A former classmate of Judge Roy Moore at the University of Alabama Law School was not surprised at allegations that the Republican Senate nominee had sexual contact with a 14-year-old girl in the late 1970s. Instead, he warns the state “to beware of false prophets.”
“No I wasn’t surprised,” the classmate tells the Washington Examiner on condition of anonymity for fear of reprisal on his law firm. “Because I have seen, all my life, Bible-thumping, God-fearing hypocrites.”
Though Moore was a year ahead, the two had class together shortly before the GOP Senate hopeful allegedly began a sexual relationship with a 14-year-old girl. According to a bombshell Washington Post report, four different women say Moore pursued a relationship with them while they were still teenagers.

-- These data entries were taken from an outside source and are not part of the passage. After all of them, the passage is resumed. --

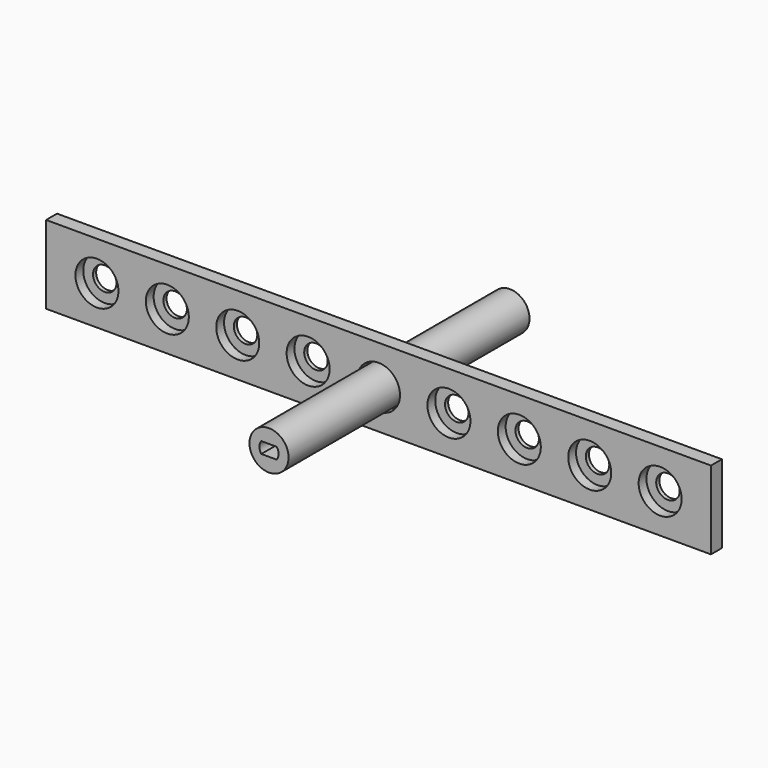
from build123d import *

# Parameters (mm, degrees)
F0_R     = 5
F1_DEPTH = 38.5
F2_W     = 170
F2_H     = 20
F2_R     = 5.5
F3_DEPTH = 3.5
F2_R_2   = 3
F4_DEPTH = 1


with BuildPart() as f1:
    # F0 (on Front) → F1 (new body, symmetric)
    with BuildSketch(Plane.XZ):
        Circle(F0_R)
        with BuildLine():
            ThreePointArc((-1.9748417658, -1.45), (-2.45, 0), (-1.9748417658, 1.45))
            Line((-1.9748417658, 1.45), (1.9748417658, 1.45))
            ThreePointArc((1.9748417658, 1.45), (2.45, 0), (1.9748417658, -1.45))
            Line((1.9748417658, -1.45), (-1.9748417658, -1.45))
        make_face(mode=Mode.SUBTRACT)
    extrude(amount=F1_DEPTH, both=True)


with BuildPart() as f3:
    # F2 (on Front) → F3 (new body)
    with BuildSketch(Plane.XZ):
        Rectangle(F2_W, F2_H)
        with Locations((-72, 0)):
            Circle(F2_R, mode=Mode.SUBTRACT)
        with Locations((-54, 0)):
            Circle(F2_R, mode=Mode.SUBTRACT)
        with Locations((-36, 0)):
            Circle(F2_R, mode=Mode.SUBTRACT)
        with Locations((-18, 0)):
            Circle(F2_R, mode=Mode.SUBTRACT)
        Circle(F2_R, mode=Mode.SUBTRACT)
        with Locations((18, 0)):
            Circle(F2_R, mode=Mode.SUBTRACT)
        with Locations((36, 0)):
            Circle(F2_R, mode=Mode.SUBTRACT)
        with Locations((54, 0)):
            Circle(F2_R, mode=Mode.SUBTRACT)
        with Locations((72, 0)):
            Circle(F2_R, mode=Mode.SUBTRACT)
    extrude(amount=F3_DEPTH)

    # F2 (on Front) → F4 (join)
    with BuildSketch(Plane.XZ):
        with Locations((-72, 0)):
            Circle(F2_R)
        with Locations((-72, 0)):
            Circle(F2_R_2, mode=Mode.SUBTRACT)
        with Locations((-54, 0)):
            Circle(F2_R)
        with Locations((-54, 0)):
            Circle(F2_R_2, mode=Mode.SUBTRACT)
        with Locations((-36, 0)):
            Circle(F2_R)
        with Locations((-36, 0)):
            Circle(F2_R_2, mode=Mode.SUBTRACT)
        with Locations((-18, 0)):
            Circle(F2_R)
        with Locations((-18, 0)):
            Circle(F2_R_2, mode=Mode.SUBTRACT)
        Circle(F2_R)
        Circle(F2_R_2, mode=Mode.SUBTRACT)
        with Locations((18, 0)):
            Circle(F2_R)
        with Locations((18, 0)):
            Circle(F2_R_2, mode=Mode.SUBTRACT)
        with Locations((36, 0)):
            Circle(F2_R)
        with Locations((36, 0)):
            Circle(F2_R_2, mode=Mode.SUBTRACT)
        with Locations((54, 0)):
            Circle(F2_R)
        with Locations((54, 0)):
            Circle(F2_R_2, mode=Mode.SUBTRACT)
        with Locations((72, 0)):
            Circle(F2_R)
        with Locations((72, 0)):
            Circle(F2_R_2, mode=Mode.SUBTRACT)
    extrude(amount=F4_DEPTH)


solid = Compound([f1.part, f3.part])
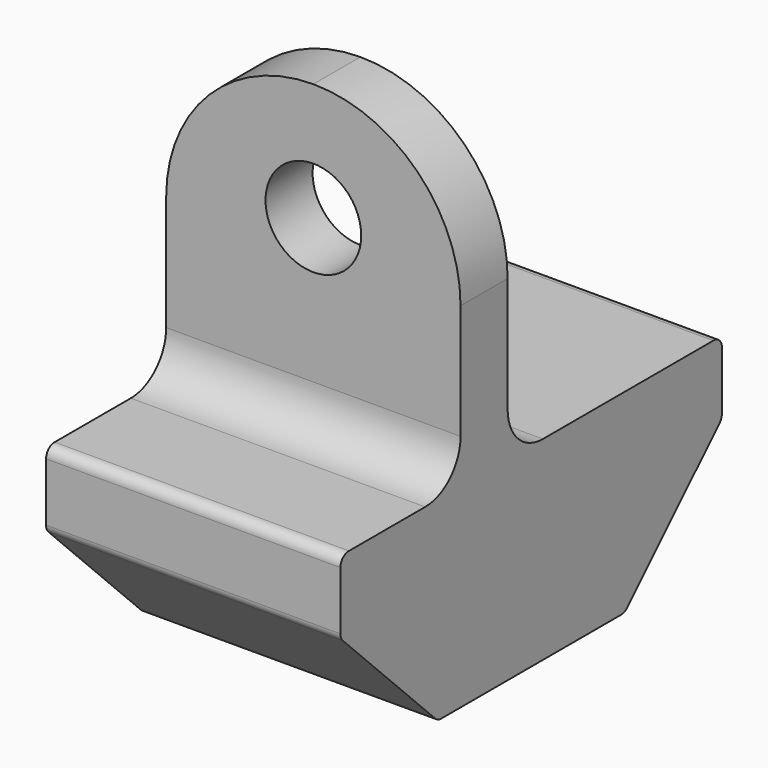
from build123d import *

# Parameters (mm, degrees)
F2_DEPTH = 5
F3_R     = 1.5
F4_R     = 4.99999
F6_D     = 3.25


# Not quite as in the source:
# - a fillet or chamfer is up to 0.001 mm smaller than in the source, because OpenCascade refuses the exact size


with BuildPart() as f2:
    # F1 (on Right) → F2 (new body, symmetric)
    with BuildSketch(Plane.YZ):
        with BuildLine():
            Line((-4.5, 12.592475), (-7.7353845436, 12.592475))
            ThreePointArc((-7.7353845436, 12.592475), (-7.9922437092, 12.4953707173), (-8.099967, 12.242781))
            Line((-8.099967, 12.242781), (-8.099967, 10.260188))
            ThreePointArc((-8.099967, 10.260188), (-8.0733249886, 10.126249564), (-7.9974549592, 10.0127020408))
            Line((-7.9974549828, 10.0127020172), (-4.0719369828, 6.0871840172))
            ThreePointArc((-4.0719369592, 6.0871840408), (-3.958389436, 6.0113140114), (-3.824451, 5.984672))
            Line((-3.824451, 5.984672), (-0.949996, 5.984672))
            Line((-0.949996, 5.984672), (0.949996, 5.984672))
            Line((0.949996, 5.984672), (3.824451, 5.984672))
            ThreePointArc((3.824451, 5.984672), (3.958389436, 6.0113140114), (4.0719369592, 6.0871840408))
            Line((4.0719369828, 6.0871840172), (7.9974549828, 10.0127020172))
            ThreePointArc((7.9974549592, 10.0127020408), (8.0733249886, 10.126249564), (8.099967, 10.260188))
            Line((8.099967, 10.260188), (8.099967, 12.242781))
            ThreePointArc((8.099967, 12.242781), (7.9922437092, 12.4953707173), (7.7353845436, 12.592475))
            Line((7.7353845436, 12.592475), (4.5, 12.592475))
            Line((4.5, 12.592475), (-1, 12.592475))
            Line((-1, 12.592475), (-1, 22.99994))
            Line((-1, 22.99994), (-3, 22.99994))
            Line((-3, 22.99994), (-3, 12.592475))
            Line((-3, 12.592475), (-4.5, 12.592475))
        make_face()
    extrude(amount=F2_DEPTH, both=True)

    # F3
    f3_edges = [f2.edges().sort_by_distance(p)[0] for p in [
        (0, -3, 12.592475),
        (0, -1, 12.592475),
    ]]
    fillet(f3_edges, radius=F3_R)

    # F4 (radius 5 in the source; OpenCascade refuses exactly that, so slightly less here)
    f4_edges = [f2.edges().sort_by_distance(p)[0] for p in [
        (5, -2, 22.99994),
        (-5, -2, 22.99994),
    ]]
    fillet(f4_edges, radius=F4_R)

    # F6 (through all)
    with Locations(Plane(origin=(0, -1, 0), x_dir=(-1, 0, 0), z_dir=(0, 1, 0))):
        with Locations((0, 18.99994)):
            Hole(F6_D / 2)


solid = f2.part

Moore, naturally, claims the allegations are “smear tactics” and elected officials are even invoking Mary and Joseph to defend him.
Before graduation, Moore seemed to attract ridicule, though not controversy. “He just had some strange opinions,” the classmate says, recalling that everyone nicknamed the Vietnam vet, “Captain America.”
Back then, Moore talked more frequently about Vietnam than the scripture, and the classmate doesn’t remember any rumors or talk of dating teenage girls. Somewhere along the line, he says Moore must have “seen the light” and adds that “you can find whatever you want in the Bible, apparently including reprehensible sin.”
Now, more than four decades later, the classmate compares the brash, Bible-thumping social conservative to Jimmy Swaggart.
“You know who he is?” the classmate asks, referring to the disgraced televangelist. “They caught him picking up prostitutes in New Orleans.” Shortly after graduation and before the alleged relationships began, he says Moore fell to “the Swaggart effect.”
“I just really don’t understand how someone can stand on the Ten Commandments, illegally in a courtroom,” the classmate says, “and still go out with underage girls.”
Moore and his campaign declined to give the Washington Examiner a comment on his classmate’s statements.